What I liked was the check part (bounds x) instead of something like (and (>= x 0) (< x 100)).

I’ve seem this technique for changing verifications of the form a = b with a belongs to {b}. And I like it also because it makes the code easier to extend:

(#{a b c} x)

Instead of …

(or (= a x) (= b x) (= c x))

But, the problem with the approach with bounds is that all the 100 numbers are created (memorized) in order to simply check if a number is between to limits.

In ruby, there is the concept of “range” that can be used to generate sequence of elements, but also allows you to check membership without using memory. I.e:

(0..99).includes? x

And you have a similar style to the “bouds” example to check if a number is in the range, but without using memory.

I’m wondering if we have something similar to that in Clojure. Do we?

(< 10 x 100) ; Checks if x is between 10 and 100 exclusive

(<= 10 x 100) ; Checks if x is between 10 and 100 inclusive
2 Likes

Appart from my other answer, I realized maybe you were more asking if there is a way to check inclusion inside a range without realizing it, and not if there’s a simpler way to check inclusion between numbers.

The answer I’m pretty sure is no. The range function creates a LazySeq. Which is different from Ruby’s range, which creates a Range.

A LazySeq is like a singly linked list of some sort. You don’t have a reference to its end, just to its start, and you have no concept of the things in between the first and last element in the sequence.

So ranges aren’t first class in Clojure as far as I know. Thus what you’re asking doesn’t exist.

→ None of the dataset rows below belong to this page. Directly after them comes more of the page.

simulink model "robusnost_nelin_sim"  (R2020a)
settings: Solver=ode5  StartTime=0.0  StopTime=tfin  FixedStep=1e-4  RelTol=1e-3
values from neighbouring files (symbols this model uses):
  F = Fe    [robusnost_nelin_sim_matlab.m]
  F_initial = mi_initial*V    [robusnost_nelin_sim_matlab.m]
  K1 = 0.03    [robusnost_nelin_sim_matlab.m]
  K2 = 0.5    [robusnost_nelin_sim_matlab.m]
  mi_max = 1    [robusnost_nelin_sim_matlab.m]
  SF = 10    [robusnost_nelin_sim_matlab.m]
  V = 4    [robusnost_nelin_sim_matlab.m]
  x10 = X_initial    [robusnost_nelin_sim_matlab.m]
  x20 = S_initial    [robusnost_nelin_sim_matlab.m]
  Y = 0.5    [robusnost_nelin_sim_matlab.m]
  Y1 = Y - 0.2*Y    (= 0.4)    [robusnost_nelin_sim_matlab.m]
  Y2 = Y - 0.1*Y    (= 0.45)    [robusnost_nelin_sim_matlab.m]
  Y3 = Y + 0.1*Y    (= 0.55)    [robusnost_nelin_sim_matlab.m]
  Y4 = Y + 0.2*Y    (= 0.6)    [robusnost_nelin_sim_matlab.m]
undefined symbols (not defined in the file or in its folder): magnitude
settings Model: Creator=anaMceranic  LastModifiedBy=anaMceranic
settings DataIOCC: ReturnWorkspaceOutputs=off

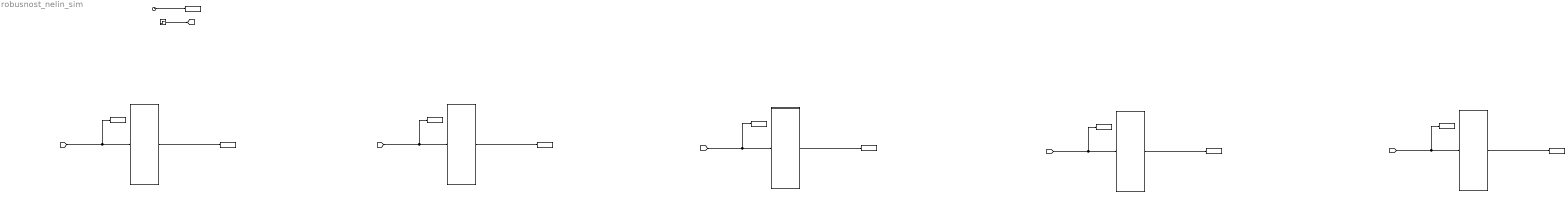
== system robusnost_nelin_sim ==
  note: nominalni Y
  note: 0.8 Y
  note: 0.9 Y
  note: 1.1 Y
  note: 1.2 Y
  note: Nelinearni sistem, otvorena sprega, ispitivanje robusnosti
      | Prelazak iz početnog stanja u ravnotežno
  Clock : Clock
  F : Step  Time=0  Before=F_initial  After=F  SampleTime=0
  Subsystem1 : Subsystem
  Subsystem2 : Subsystem
  Subsystem3 : Subsystem
  Subsystem4 : Subsystem
  Subsystem5 : Subsystem
  To Workspace1 : ToWorkspace  VariableName=t_out  SampleTime=-1
  To Workspace10 : ToWorkspace  VariableName=S_out4  SampleTime=-1
  To Workspace11 : ToWorkspace  VariableName=F_out4  SampleTime=-1
  To Workspace2 : ToWorkspace  VariableName=S_out1  SampleTime=-1
  To Workspace3 : ToWorkspace  VariableName=S_out  SampleTime=-1
  To Workspace4 : ToWorkspace  VariableName=F_out  SampleTime=-1
  To Workspace5 : ToWorkspace  VariableName=F_out1  SampleTime=-1
  To Workspace6 : ToWorkspace  VariableName=S_out2  SampleTime=-1
  To Workspace7 : ToWorkspace  VariableName=F_out2  SampleTime=-1
  To Workspace8 : ToWorkspace  VariableName=S_out3  SampleTime=-1
  To Workspace9 : ToWorkspace  VariableName=F_out3  SampleTime=-1
  wires:
  Clock/1 -> To Workspace1/1
  F/1 -> [F]
  [F] -> To Workspace4/1, Subsystem1/1(u)
  Subsystem1/1(y) -> To Workspace3/1
  [F] -> To Workspace5/1, Subsystem2/1(u)
  Subsystem2/1(y) -> To Workspace2/1
  [F] -> To Workspace7/1, Subsystem3/1(u)
  Subsystem3/1(y) -> To Workspace6/1
  [F] -> To Workspace9/1, Subsystem4/1(u)
  Subsystem4/1(y) -> To Workspace8/1
  [F] -> To Workspace11/1, Subsystem5/1(u)
  Subsystem5/1(y) -> To Workspace10/1

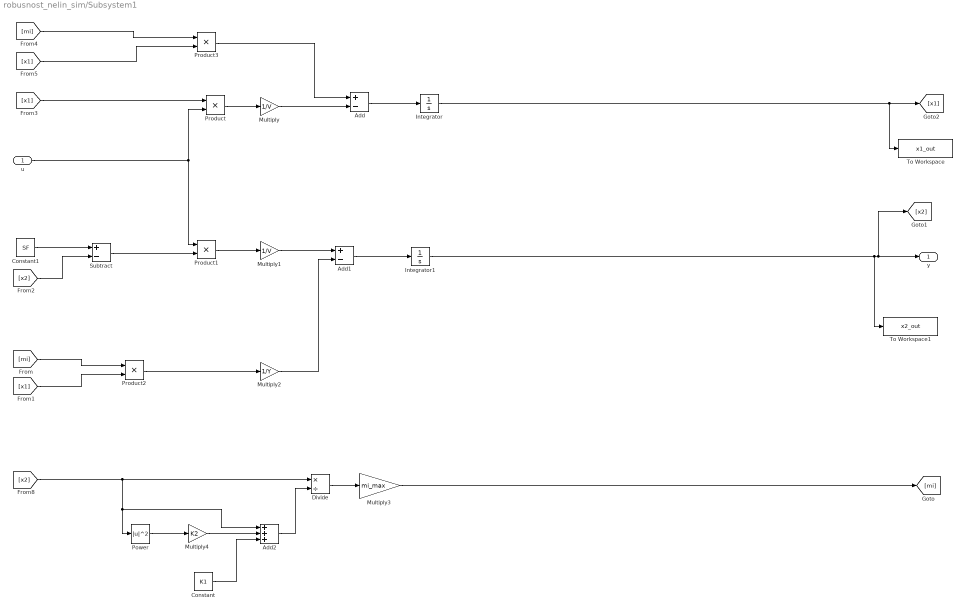
== system robusnost_nelin_sim/Subsystem1 ==
  u : Inport
  Add : Sum  Inputs=+-
  Add1 : Sum  Inputs=+-
  Add2 : Sum  Inputs=+++
  Constant : Constant  Value=K1
  Constant1 : Constant  Value=SF
  Divide : Product  Inputs=*/
  Integrator : Integrator  InitialCondition=x10
  Integrator1 : Integrator  InitialCondition=x20
  Multiply : Gain  Gain=1/V
  Multiply1 : Gain  Gain=1/V
  Multiply2 : Gain  Gain=1/Y
  Multiply3 : Gain  Gain=mi_max
  Multiply4 : Gain  Gain=K2
  Power : Math  Operator=magnitude^2  SaturateOnIntegerOverflow=on
  Product{,1..3} (4 alike) : Product
  Subtract : Sum  Inputs=+-
  To Workspace : ToWorkspace  VariableName=x1_out  SampleTime=-1
  To Workspace1 : ToWorkspace  VariableName=x2_out  SampleTime=-1
  y : Outport
  wires:
  [x1] -> Product2/2
  Product2/1 -> Multiply2/1
  Multiply/1 -> Add/2
  Add2/1 -> Divide/2
  Constant/1 -> Add2/3
  [x1] -> Product3/2
  Multiply4/1 -> Add2/2
  [mi] -> Product2/1
  Multiply3/1 -> [mi]
  Power/1 -> Multiply4/1
  Constant1/1 -> Subtract/1
  [x2] -> Subtract/2
  Add1/1 -> Integrator1/1
  Multiply2/1 -> Add1/2
  Integrator1/1 -> [x2], y/1, To Workspace1/1
  Divide/1 -> Multiply3/1
  Integrator/1 -> [x1], To Workspace/1
  Product3/1 -> Add/1
  u/1 -> Product1/1, Product/2
  [x1] -> Product/1
  Multiply1/1 -> Add1/1
  Product1/1 -> Multiply1/1
  Subtract/1 -> Product1/2
  [x2] -> Divide/1, Add2/1, Power/1
  Add/1 -> Integrator/1
  Product/1 -> Multiply/1
  [mi] -> Product3/1

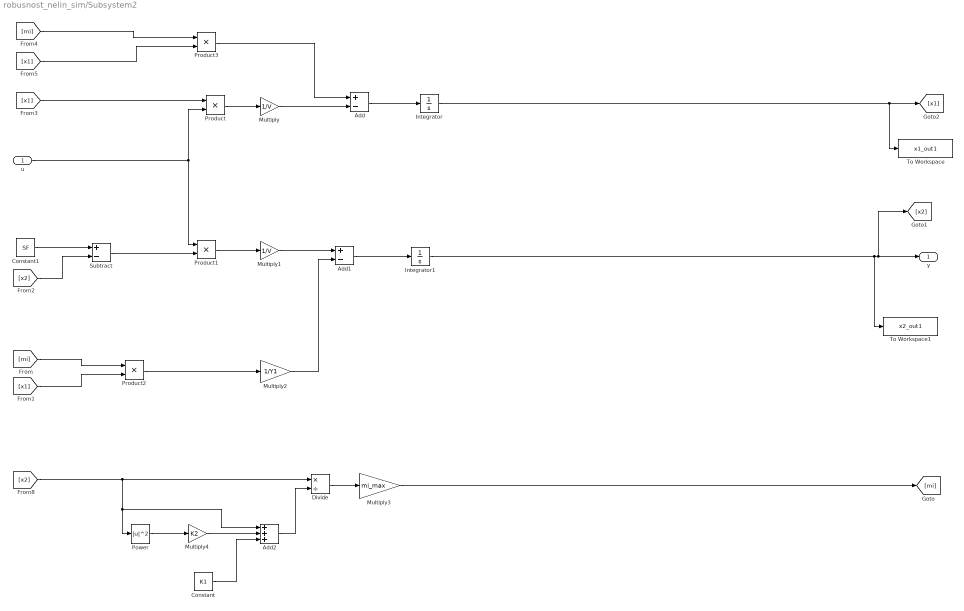
== system robusnost_nelin_sim/Subsystem2 ==
  u : Inport
  Add : Sum  Inputs=+-
  Add1 : Sum  Inputs=+-
  Add2 : Sum  Inputs=+++
  Constant : Constant  Value=K1
  Constant1 : Constant  Value=SF
  Divide : Product  Inputs=*/
  Integrator : Integrator  InitialCondition=x10
  Integrator1 : Integrator  InitialCondition=x20
  Multiply : Gain  Gain=1/V
  Multiply1 : Gain  Gain=1/V
  Multiply2 : Gain  Gain=1/Y1
  Multiply3 : Gain  Gain=mi_max
  Multiply4 : Gain  Gain=K2
  Power : Math  Operator=magnitude^2  SaturateOnIntegerOverflow=on
  Product{,1..3} (4 alike) : Product
  Subtract : Sum  Inputs=+-
  To Workspace : ToWorkspace  VariableName=x1_out1  SampleTime=-1
  To Workspace1 : ToWorkspace  VariableName=x2_out1  SampleTime=-1
  y : Outport
  wires:
  [x1] -> Product2/2
  Product2/1 -> Multiply2/1
  Multiply/1 -> Add/2
  Add2/1 -> Divide/2
  Constant/1 -> Add2/3
  [x1] -> Product3/2
  Multiply4/1 -> Add2/2
  [mi] -> Product2/1
  Multiply3/1 -> [mi]
  Power/1 -> Multiply4/1
  Constant1/1 -> Subtract/1
  [x2] -> Subtract/2
  Add1/1 -> Integrator1/1
  Multiply2/1 -> Add1/2
  Integrator1/1 -> [x2], y/1, To Workspace1/1
  Divide/1 -> Multiply3/1
  Integrator/1 -> [x1], To Workspace/1
  Product3/1 -> Add/1
  u/1 -> Product1/1, Product/2
  [x1] -> Product/1
  Multiply1/1 -> Add1/1
  Product1/1 -> Multiply1/1
  Subtract/1 -> Product1/2
  [x2] -> Divide/1, Add2/1, Power/1
  Add/1 -> Integrator/1
  Product/1 -> Multiply/1
  [mi] -> Product3/1

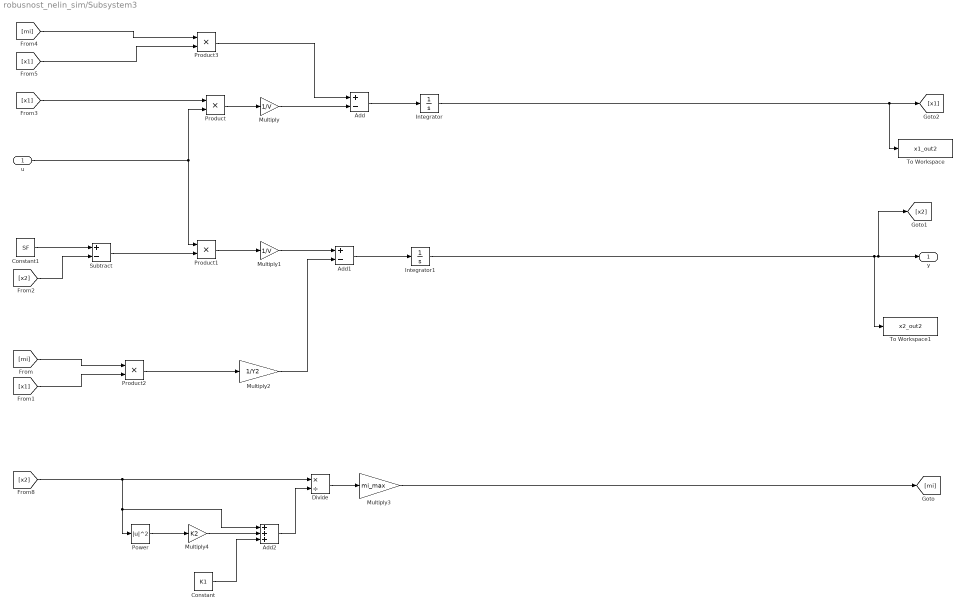
== system robusnost_nelin_sim/Subsystem3 ==
  u : Inport
  Add : Sum  Inputs=+-
  Add1 : Sum  Inputs=+-
  Add2 : Sum  Inputs=+++
  Constant : Constant  Value=K1
  Constant1 : Constant  Value=SF
  Divide : Product  Inputs=*/
  Integrator : Integrator  InitialCondition=x10
  Integrator1 : Integrator  InitialCondition=x20
  Multiply : Gain  Gain=1/V
  Multiply1 : Gain  Gain=1/V
  Multiply2 : Gain  Gain=1/Y2
  Multiply3 : Gain  Gain=mi_max
  Multiply4 : Gain  Gain=K2
  Power : Math  Operator=magnitude^2  SaturateOnIntegerOverflow=on
  Product{,1..3} (4 alike) : Product
  Subtract : Sum  Inputs=+-
  To Workspace : ToWorkspace  VariableName=x1_out2  SampleTime=-1
  To Workspace1 : ToWorkspace  VariableName=x2_out2  SampleTime=-1
  y : Outport
  wires:
  [x1] -> Product2/2
  Product2/1 -> Multiply2/1
  Multiply/1 -> Add/2
  Add2/1 -> Divide/2
  Constant/1 -> Add2/3
  [x1] -> Product3/2
  Multiply4/1 -> Add2/2
  [mi] -> Product2/1
  Multiply3/1 -> [mi]
  Power/1 -> Multiply4/1
  Constant1/1 -> Subtract/1
  [x2] -> Subtract/2
  Add1/1 -> Integrator1/1
  Multiply2/1 -> Add1/2
  Integrator1/1 -> [x2], y/1, To Workspace1/1
  Divide/1 -> Multiply3/1
  Integrator/1 -> [x1], To Workspace/1
  Product3/1 -> Add/1
  u/1 -> Product1/1, Product/2
  [x1] -> Product/1
  Multiply1/1 -> Add1/1
  Product1/1 -> Multiply1/1
  Subtract/1 -> Product1/2
  [x2] -> Divide/1, Add2/1, Power/1
  Add/1 -> Integrator/1
  Product/1 -> Multiply/1
  [mi] -> Product3/1

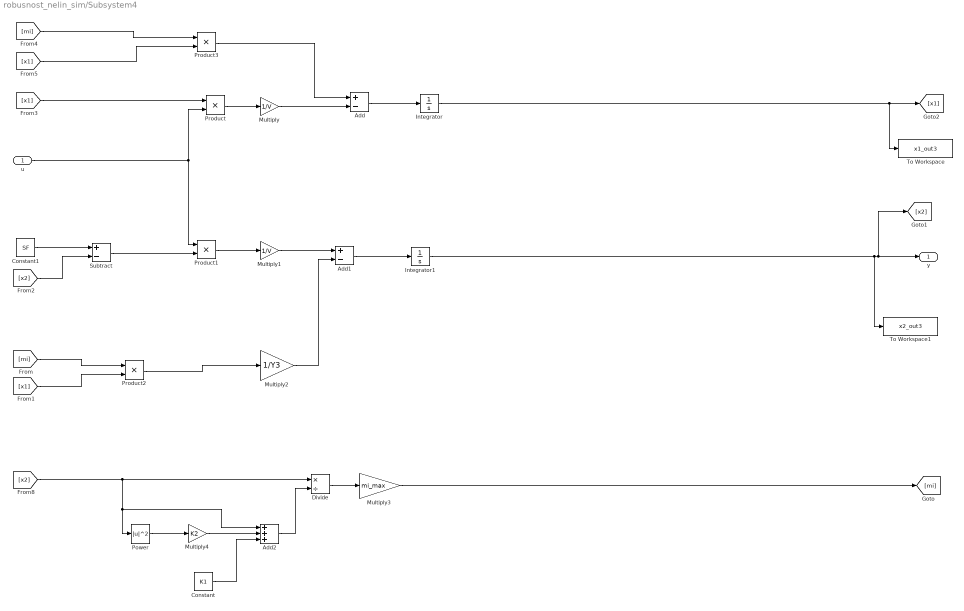
== system robusnost_nelin_sim/Subsystem4 ==
  u : Inport
  Add : Sum  Inputs=+-
  Add1 : Sum  Inputs=+-
  Add2 : Sum  Inputs=+++
  Constant : Constant  Value=K1
  Constant1 : Constant  Value=SF
  Divide : Product  Inputs=*/
  Integrator : Integrator  InitialCondition=x10
  Integrator1 : Integrator  InitialCondition=x20
  Multiply : Gain  Gain=1/V
  Multiply1 : Gain  Gain=1/V
  Multiply2 : Gain  Gain=1/Y3
  Multiply3 : Gain  Gain=mi_max
  Multiply4 : Gain  Gain=K2
  Power : Math  Operator=magnitude^2  SaturateOnIntegerOverflow=on
  Product{,1..3} (4 alike) : Product
  Subtract : Sum  Inputs=+-
  To Workspace : ToWorkspace  VariableName=x1_out3  SampleTime=-1
  To Workspace1 : ToWorkspace  VariableName=x2_out3  SampleTime=-1
  y : Outport
  wires:
  [x1] -> Product2/2
  Product2/1 -> Multiply2/1
  Multiply/1 -> Add/2
  Add2/1 -> Divide/2
  Constant/1 -> Add2/3
  [x1] -> Product3/2
  Multiply4/1 -> Add2/2
  [mi] -> Product2/1
  Multiply3/1 -> [mi]
  Power/1 -> Multiply4/1
  Constant1/1 -> Subtract/1
  [x2] -> Subtract/2
  Add1/1 -> Integrator1/1
  Multiply2/1 -> Add1/2
  Integrator1/1 -> [x2], y/1, To Workspace1/1
  Divide/1 -> Multiply3/1
  Integrator/1 -> [x1], To Workspace/1
  Product3/1 -> Add/1
  u/1 -> Product1/1, Product/2
  [x1] -> Product/1
  Multiply1/1 -> Add1/1
  Product1/1 -> Multiply1/1
  Subtract/1 -> Product1/2
  [x2] -> Divide/1, Add2/1, Power/1
  Add/1 -> Integrator/1
  Product/1 -> Multiply/1
  [mi] -> Product3/1

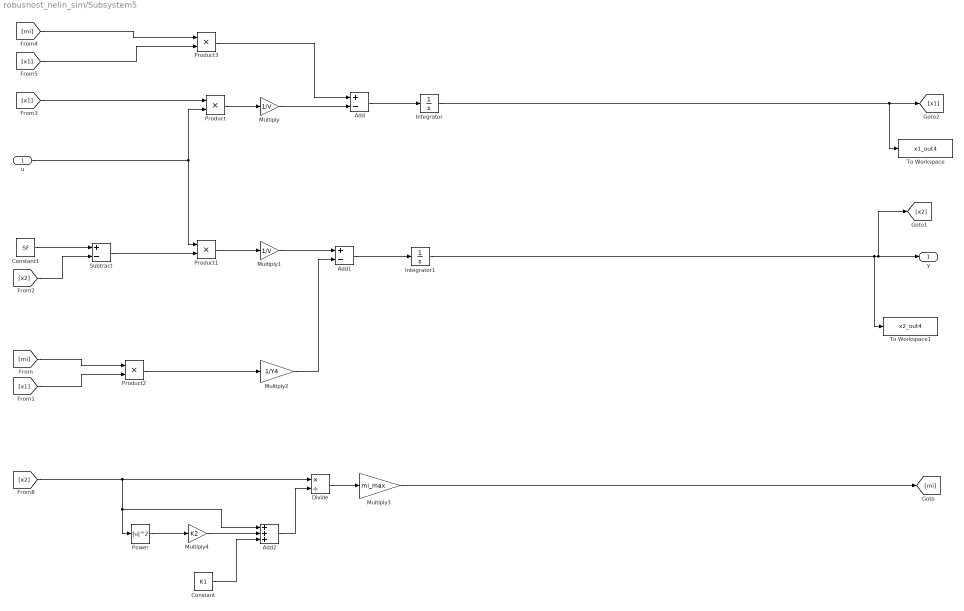
== system robusnost_nelin_sim/Subsystem5 ==
  u : Inport
  Add : Sum  Inputs=+-
  Add1 : Sum  Inputs=+-
  Add2 : Sum  Inputs=+++
  Constant : Constant  Value=K1
  Constant1 : Constant  Value=SF
  Divide : Product  Inputs=*/
  Integrator : Integrator  InitialCondition=x10
  Integrator1 : Integrator  InitialCondition=x20
  Multiply : Gain  Gain=1/V
  Multiply1 : Gain  Gain=1/V
  Multiply2 : Gain  Gain=1/Y4
  Multiply3 : Gain  Gain=mi_max
  Multiply4 : Gain  Gain=K2
  Power : Math  Operator=magnitude^2  SaturateOnIntegerOverflow=on
  Product{,1..3} (4 alike) : Product
  Subtract : Sum  Inputs=+-
  To Workspace : ToWorkspace  VariableName=x1_out4  SampleTime=-1
  To Workspace1 : ToWorkspace  VariableName=x2_out4  SampleTime=-1
  y : Outport
  wires:
  [x1] -> Product2/2
  Product2/1 -> Multiply2/1
  Multiply/1 -> Add/2
  Add2/1 -> Divide/2
  Constant/1 -> Add2/3
  [x1] -> Product3/2
  Multiply4/1 -> Add2/2
  [mi] -> Product2/1
  Multiply3/1 -> [mi]
  Power/1 -> Multiply4/1
  Constant1/1 -> Subtract/1
  [x2] -> Subtract/2
  Add1/1 -> Integrator1/1
  Multiply2/1 -> Add1/2
  Integrator1/1 -> [x2], y/1, To Workspace1/1
  Divide/1 -> Multiply3/1
  Integrator/1 -> [x1], To Workspace/1
  Product3/1 -> Add/1
  u/1 -> Product1/1, Product/2
  [x1] -> Product/1
  Multiply1/1 -> Add1/1
  Product1/1 -> Multiply1/1
  Subtract/1 -> Product1/2
  [x2] -> Divide/1, Add2/1, Power/1
  Add/1 -> Integrator/1
  Product/1 -> Multiply/1
  [mi] -> Product3/1

You could probably create a deftype Range which implements Seqable, and keeps the start and end elements, and an includes? that is polymorphic on the type of start. But there’s not one already in Clojure. Actually, that could be a fun learning exercise to attempt doing.

2 Likes

Yes, this is exactly what I was looking for. Well, actually an “already included implementation” in the core, but you gave me an idea there. Thank you.

I remember when I understood that this was what Python was doing. “How can this be so fast???” followed by, “Wow, that was impressive. You magically made my code faster while I was going for a slow solution”

clojure.spec.alpha/int-in-range? might be what you’re looking for:

(if (s/int-in-range? 0 100 x) ...)

That’s 0 <= x < 100.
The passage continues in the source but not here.